Une bien belle soirée dans la belle endormie( surnom de Quimper pour ceux qui ne le savent pas), en espérant que Régie Scène et d’autres continueront à y avoir des projets.

Raekwon :

Corey Woods alias Raekwon The Chef, alias Lex Diamonds, alias Shallah est à la base de l’industrie du divertissement depuis ses débuts en 1993 en tant que partie intégrante de l’un des plus grands groupes de Hip Hop que le monde n’ait jamais porté : Le WUTANG CLAN ! L’aptitude verbale de « Rae »a très rapidement occupé le devant de la scène notamment avec le classique «Protect Ya Neck» mais peu de monde se doutait à l’époque que ce qu’il nous faisait entendre avec le WUTANG n’était que des amuses bouche.

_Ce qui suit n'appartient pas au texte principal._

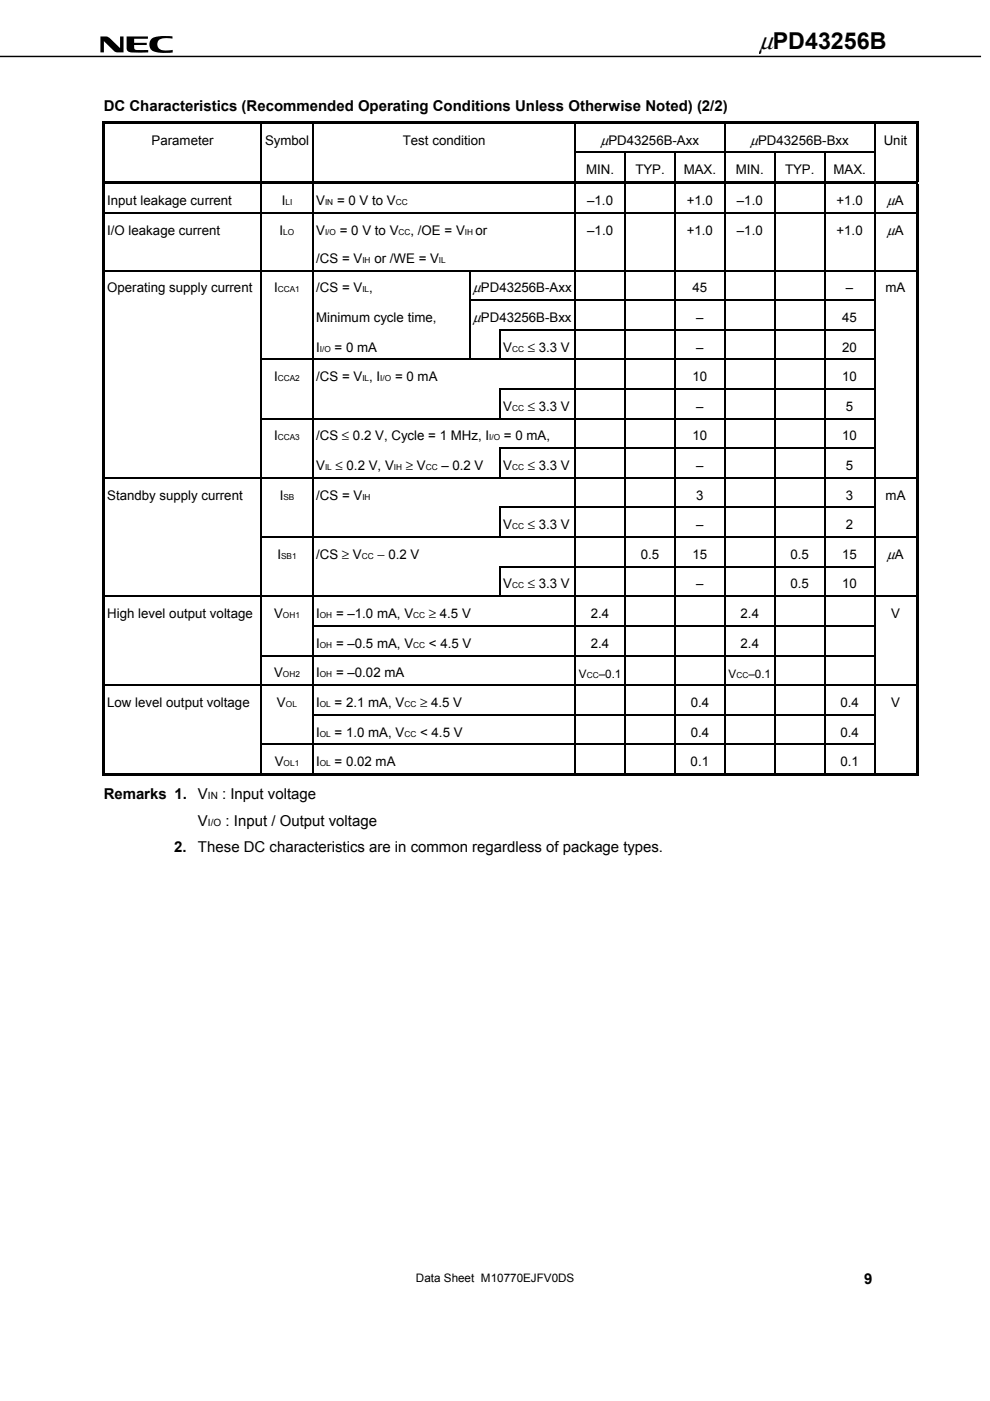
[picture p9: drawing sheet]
<svg xmlns="http://www.w3.org/2000/svg" width="210mm" height="297mm" viewBox="0 0 210 297" stroke-linecap="round" stroke-linejoin="round" font-family="sans-serif">
<path d="M0 12h208.1" fill="none" stroke="#000" stroke-width=".33"/>
<g fill="#000">
<path d="M21.3 7.7h1.2l.6 .2 2.4 2.3v-2.5h.7v3.4l-1.8-.1-2.4-2.3v2.4h-.7zM26.9 7.7h4.5v.5h-2.9v.9h2.6v.4h-2.6v.6a.64 .64 0 0 0 .8 .5h2.1v.5h-2.8a1.51 1.51 0 0 1-1.7-.6zM32.1 8.3a6.1 6.1 0 0 1 4.5-.6v.5l-1.2-.1a1.53 1.53 0 0 0-2 1.3 1.34 1.34 0 0 0 1.6 1.3l1.6-.1v.5a7.3 7.3 0 0 1-4.4-.5l-.4-.5-.1-.7zM21.7 25.7h.5v.5h-.5zM21.7 25.7h173.1v.5h-173.1zM21.7 26.2h.5v6h-.5zM21.7 32.2h.5v.3h-.5zM21.7 32.5h.5v6h-.5zM21.7 38.5h173.1v.5h-173.1zM55.2 32.2h.3v.3h-.3zM66.3 32.2h.3v.3h-.3zM121.9 32.2h.2v.3h-.2z"/>
<path d="M132.5 32.2h.2v.3h-.2zM143 32.2h.3v.3h-.3zM153.6 32.2h.3v.3h-.3zM164.2 32.2h.3v.3h-.3zM174.8 32.2h.2v.3h-.2zM185.4 32.2h.2v.3h-.2zM194.2 25.7h.6v.5h-.6zM194.2 26.2h.6v6h-.6zM194.2 32.2h.6v.3h-.6zM194.2 32.5h.6v6h-.6zM21.7 39h.5v6h-.5zM21.7 45h.5v.3h-.5z"/>
<path d="M21.7 45.3h.5v5.9h-.5zM21.7 51.2h.5v6.1h-.5zM21.7 57.3h.5v.2h-.5zM55.2 45h.3v.3h-.3zM55.2 57.3h.3v.2h-.3zM66.3 45h.3v.3h-.3zM66.3 57.3h.3v.2h-.3zM99.7 57.3h.2v.2h-.2zM121.9 45h.2v.3h-.2zM121.9 57.3h.2v.2h-.2zM132.5 45h.2v.3h-.2zM132.5 57.3h.2v.2h-.2z"/>
<path d="M143 45h.3v.3h-.3zM143 57.3h.3v.2h-.3zM153.6 45h.3v.3h-.3zM153.6 57.3h.3v.2h-.3zM164.2 45h.3v.3h-.3zM164.2 57.3h.3v.2h-.3zM174.8 45h.2v.3h-.2zM174.8 57.3h.2v.2h-.2zM185.4 45h.2v.3h-.2zM185.4 57.3h.2v.2h-.2zM194.2 39h.6v6h-.6zM194.2 45h.6v.3h-.6z"/>
<path d="M194.2 45.3h.6v5.9h-.6zM194.2 51.2h.6v6.1h-.6zM194.2 57.3h.6v.2h-.6zM21.7 57.5h.5v6h-.5zM21.7 63.5h.5v.3h-.5zM21.7 63.8h.5v6h-.5zM21.7 69.8h.5v.3h-.5zM21.7 70.1h.5v6h-.5zM21.7 76.1h.5v.2h-.5zM55.2 63.5h.3v.3h-.3zM55.2 69.8h.3v.3h-.3zM55.2 76.1h.3v.2h-.3z"/>
<path d="M66.3 63.5h.3v.3h-.3zM66.3 69.8h.3v.3h-.3zM66.3 76.1h.3v.2h-.3zM99.7 63.5h.2v.3h-.2zM99.7 69.8h.2v.3h-.2zM106 69.8h.3v.3h-.3zM121.9 63.5h.2v.3h-.2zM121.9 69.8h.2v.3h-.2zM121.9 76.1h.2v.2h-.2zM132.5 63.5h.2v.3h-.2zM132.5 69.8h.2v.3h-.2zM132.5 76.1h.2v.2h-.2z"/>
<path d="M143 63.5h.3v.3h-.3zM143 69.8h.3v.3h-.3zM143 76.1h.3v.2h-.3zM153.6 63.5h.3v.3h-.3zM153.6 69.8h.3v.3h-.3zM153.6 76.1h.3v.2h-.3zM164.2 63.5h.3v.3h-.3zM164.2 69.8h.3v.3h-.3zM164.2 76.1h.3v.2h-.3zM174.8 63.5h.2v.3h-.2zM174.8 69.8h.2v.3h-.2zM174.8 76.1h.2v.2h-.2z"/>
<path d="M185.4 63.5h.2v.3h-.2zM185.4 69.8h.2v.3h-.2zM185.4 76.1h.2v.2h-.2zM194.2 57.5h.6v6h-.6zM194.2 63.5h.6v.3h-.6zM194.2 63.8h.6v6h-.6zM194.2 69.8h.6v.3h-.6zM194.2 70.1h.6v6h-.6zM194.2 76.1h.6v.2h-.6zM21.7 76.3h.5v6h-.5zM21.7 82.3h.5v.3h-.5zM21.7 82.6h.5v6h-.5z"/>
<path d="M21.7 88.6h.5v.3h-.5zM21.7 88.9h.5v6h-.5zM21.7 94.9h.5v.3h-.5zM55.2 82.3h.3v.3h-.3zM55.2 88.6h.3v.3h-.3zM55.2 94.9h.3v.3h-.3zM66.3 82.3h.3v.3h-.3zM66.3 88.6h.3v.3h-.3zM66.3 94.9h.3v.3h-.3zM106 82.3h.3v.3h-.3zM106 94.9h.3v.3h-.3zM121.9 82.3h.2v.3h-.2z"/>
<path d="M121.9 88.6h.2v.3h-.2zM121.9 94.9h.2v.3h-.2zM132.5 82.3h.2v.3h-.2zM132.5 88.6h.2v.3h-.2zM132.5 94.9h.2v.3h-.2zM143 82.3h.3v.3h-.3zM143 88.6h.3v.3h-.3zM143 94.9h.3v.3h-.3zM153.6 82.3h.3v.3h-.3zM153.6 88.6h.3v.3h-.3zM153.6 94.9h.3v.3h-.3zM164.2 82.3h.3v.3h-.3z"/>
<path d="M164.2 88.6h.3v.3h-.3zM164.2 94.9h.3v.3h-.3zM174.8 82.3h.2v.3h-.2zM174.8 88.6h.2v.3h-.2zM174.8 94.9h.2v.3h-.2zM185.4 82.3h.2v.3h-.2zM185.4 88.6h.2v.3h-.2zM185.4 94.9h.2v.3h-.2zM194.2 76.3h.6v6h-.6zM194.2 82.3h.6v.3h-.6zM194.2 82.6h.6v6h-.6zM194.2 88.6h.6v.3h-.6z"/>
<path d="M194.2 88.9h.6v6h-.6zM194.2 94.9h.6v.3h-.6zM21.7 95.2h.5v6h-.5zM21.7 101.2h.5v.3h-.5zM21.7 101.5h.5v5.9h-.5zM21.7 107.4h.5v.3h-.5zM21.7 107.7h.5v6h-.5zM21.7 113.7h.5v.3h-.5zM21.7 114h.5v6h-.5zM55.2 101.2h.3v.3h-.3zM55.2 107.4h.3v.3h-.3zM55.2 113.7h.3v.3h-.3z"/>
<path d="M66.3 101.2h.3v.3h-.3zM66.3 107.4h.3v.3h-.3zM66.3 113.7h.3v.3h-.3zM106 107.4h.3v.3h-.3zM121.9 101.2h.2v.3h-.2zM121.9 107.4h.2v.3h-.2zM121.9 113.7h.2v.3h-.2zM132.5 101.2h.2v.3h-.2zM132.5 107.4h.2v.3h-.2zM132.5 113.7h.2v.3h-.2zM143 101.2h.3v.3h-.3zM143 107.4h.3v.3h-.3z"/>
<path d="M143 113.7h.3v.3h-.3zM153.6 101.2h.3v.3h-.3zM153.6 107.4h.3v.3h-.3zM153.6 113.7h.3v.3h-.3zM164.2 101.2h.3v.3h-.3zM164.2 107.4h.3v.3h-.3zM164.2 113.7h.3v.3h-.3zM174.8 101.2h.2v.3h-.2zM174.8 107.4h.2v.3h-.2zM174.8 113.7h.2v.3h-.2zM185.4 101.2h.2v.3h-.2zM185.4 107.4h.2v.3h-.2z"/>
<path d="M185.4 113.7h.2v.3h-.2zM194.2 95.2h.6v6h-.6zM194.2 101.2h.6v.3h-.6zM194.2 101.5h.6v5.9h-.6zM194.2 107.4h.6v.3h-.6zM194.2 107.7h.6v6h-.6zM194.2 113.7h.6v.3h-.6zM194.2 114h.6v6h-.6zM21.7 120h.5v.3h-.5zM21.7 120.3h.5v6h-.5zM21.7 126.3h.5v.3h-.5zM21.7 126.6h.5v6h-.5z"/>
<path d="M21.7 132.6h.5v.2h-.5zM21.7 132.8h.5v6.1h-.5zM21.7 138.9h.5v.2h-.5zM55.2 120h.3v.3h-.3zM55.2 126.3h.3v.3h-.3zM55.2 132.6h.3v.2h-.3zM55.2 138.9h.3v.2h-.3zM66.3 120h.3v.3h-.3zM66.3 126.3h.3v.3h-.3zM66.3 132.6h.3v.2h-.3zM66.3 138.9h.3v.2h-.3zM106 120h.3v.3h-.3z"/>
<path d="M121.9 120h.2v.3h-.2zM121.9 126.3h.2v.3h-.2zM121.9 132.6h.2v.2h-.2zM121.9 138.9h.2v.2h-.2zM132.5 120h.2v.3h-.2zM132.5 126.3h.2v.3h-.2zM132.5 132.6h.2v.2h-.2zM132.5 138.9h.2v.2h-.2zM143 120h.3v.3h-.3zM143 126.3h.3v.3h-.3zM143 132.6h.3v.2h-.3zM143 138.9h.3v.2h-.3z"/>
<path d="M153.6 120h.3v.3h-.3zM153.6 126.3h.3v.3h-.3zM153.6 132.6h.3v.2h-.3zM153.6 138.9h.3v.2h-.3zM164.2 120h.3v.3h-.3zM164.2 126.3h.3v.3h-.3zM164.2 132.6h.3v.2h-.3zM164.2 138.9h.3v.2h-.3zM174.8 120h.2v.3h-.2zM174.8 126.3h.2v.3h-.2zM174.8 132.6h.2v.2h-.2zM174.8 138.9h.2v.2h-.2z"/>
<path d="M185.4 120h.2v.3h-.2zM185.4 126.3h.2v.3h-.2zM185.4 132.6h.2v.2h-.2zM185.4 138.9h.2v.2h-.2zM194.2 120h.6v.3h-.6zM194.2 120.3h.6v6h-.6zM194.2 126.3h.6v.3h-.6zM194.2 126.6h.6v6h-.6zM194.2 132.6h.6v.2h-.6zM194.2 132.8h.6v6.1h-.6zM194.2 138.9h.6v.2h-.6zM21.7 139.1h.5v6h-.5z"/>
<path d="M21.7 145.1h.5v.3h-.5zM21.7 145.4h.5v6h-.5zM21.7 151.4h.5v.3h-.5zM21.7 151.7h.5v6h-.5zM21.7 157.7h.5v.3h-.5zM55.2 145.1h.3v.3h-.3zM55.2 151.4h.3v.3h-.3zM55.2 157.7h.3v.3h-.3zM66.3 145.1h.3v.3h-.3zM66.3 151.4h.3v.3h-.3zM66.3 157.7h.3v.3h-.3zM121.9 145.1h.2v.3h-.2z"/>
<path d="M121.9 151.4h.2v.3h-.2zM121.9 157.7h.2v.3h-.2zM132.5 145.1h.2v.3h-.2zM132.5 151.4h.2v.3h-.2zM132.5 157.7h.2v.3h-.2zM143 145.1h.3v.3h-.3zM143 151.4h.3v.3h-.3zM143 157.7h.3v.3h-.3zM153.6 145.1h.3v.3h-.3zM153.6 151.4h.3v.3h-.3zM153.6 157.7h.3v.3h-.3zM164.2 145.1h.3v.3h-.3z"/>
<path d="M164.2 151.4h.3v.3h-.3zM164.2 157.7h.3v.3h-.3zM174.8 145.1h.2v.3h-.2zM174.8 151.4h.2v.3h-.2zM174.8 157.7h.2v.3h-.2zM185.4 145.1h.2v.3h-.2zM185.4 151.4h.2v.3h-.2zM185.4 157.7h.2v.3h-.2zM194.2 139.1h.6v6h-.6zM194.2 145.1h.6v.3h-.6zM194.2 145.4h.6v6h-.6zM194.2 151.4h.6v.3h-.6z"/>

C’est en 1995 que «Raekwon The Chef» sort de sa cuisine et invite la crème du Hip Hop dans sa chambre pour mijoter un album qui changera le « Game » pour toujours…«Only Built 4 Cuban Linx» est un pure classique Hip Hop qui pourrait servir de jumelles au public sur la manière dont ils voient les rappeurs mais aussi aux rappeurs eux-mêmes sur la manière dont ils se voient.

Raekwon a influencé de nombreux aficionados comme Wyclef, Outkast, The Game, Mobb Deep, Jay-Z, 50 Cent, Eminem, The Lox et l’immense BIG PUN (RIP). Considéré comme l’un des meilleurs MC de tous les temps et tout comme un de ses modèles, Marvin Gaye, Raekwon attire non seulement des hommes mais il exerce aussi une fascination auprès des femmes qui le suive massivement.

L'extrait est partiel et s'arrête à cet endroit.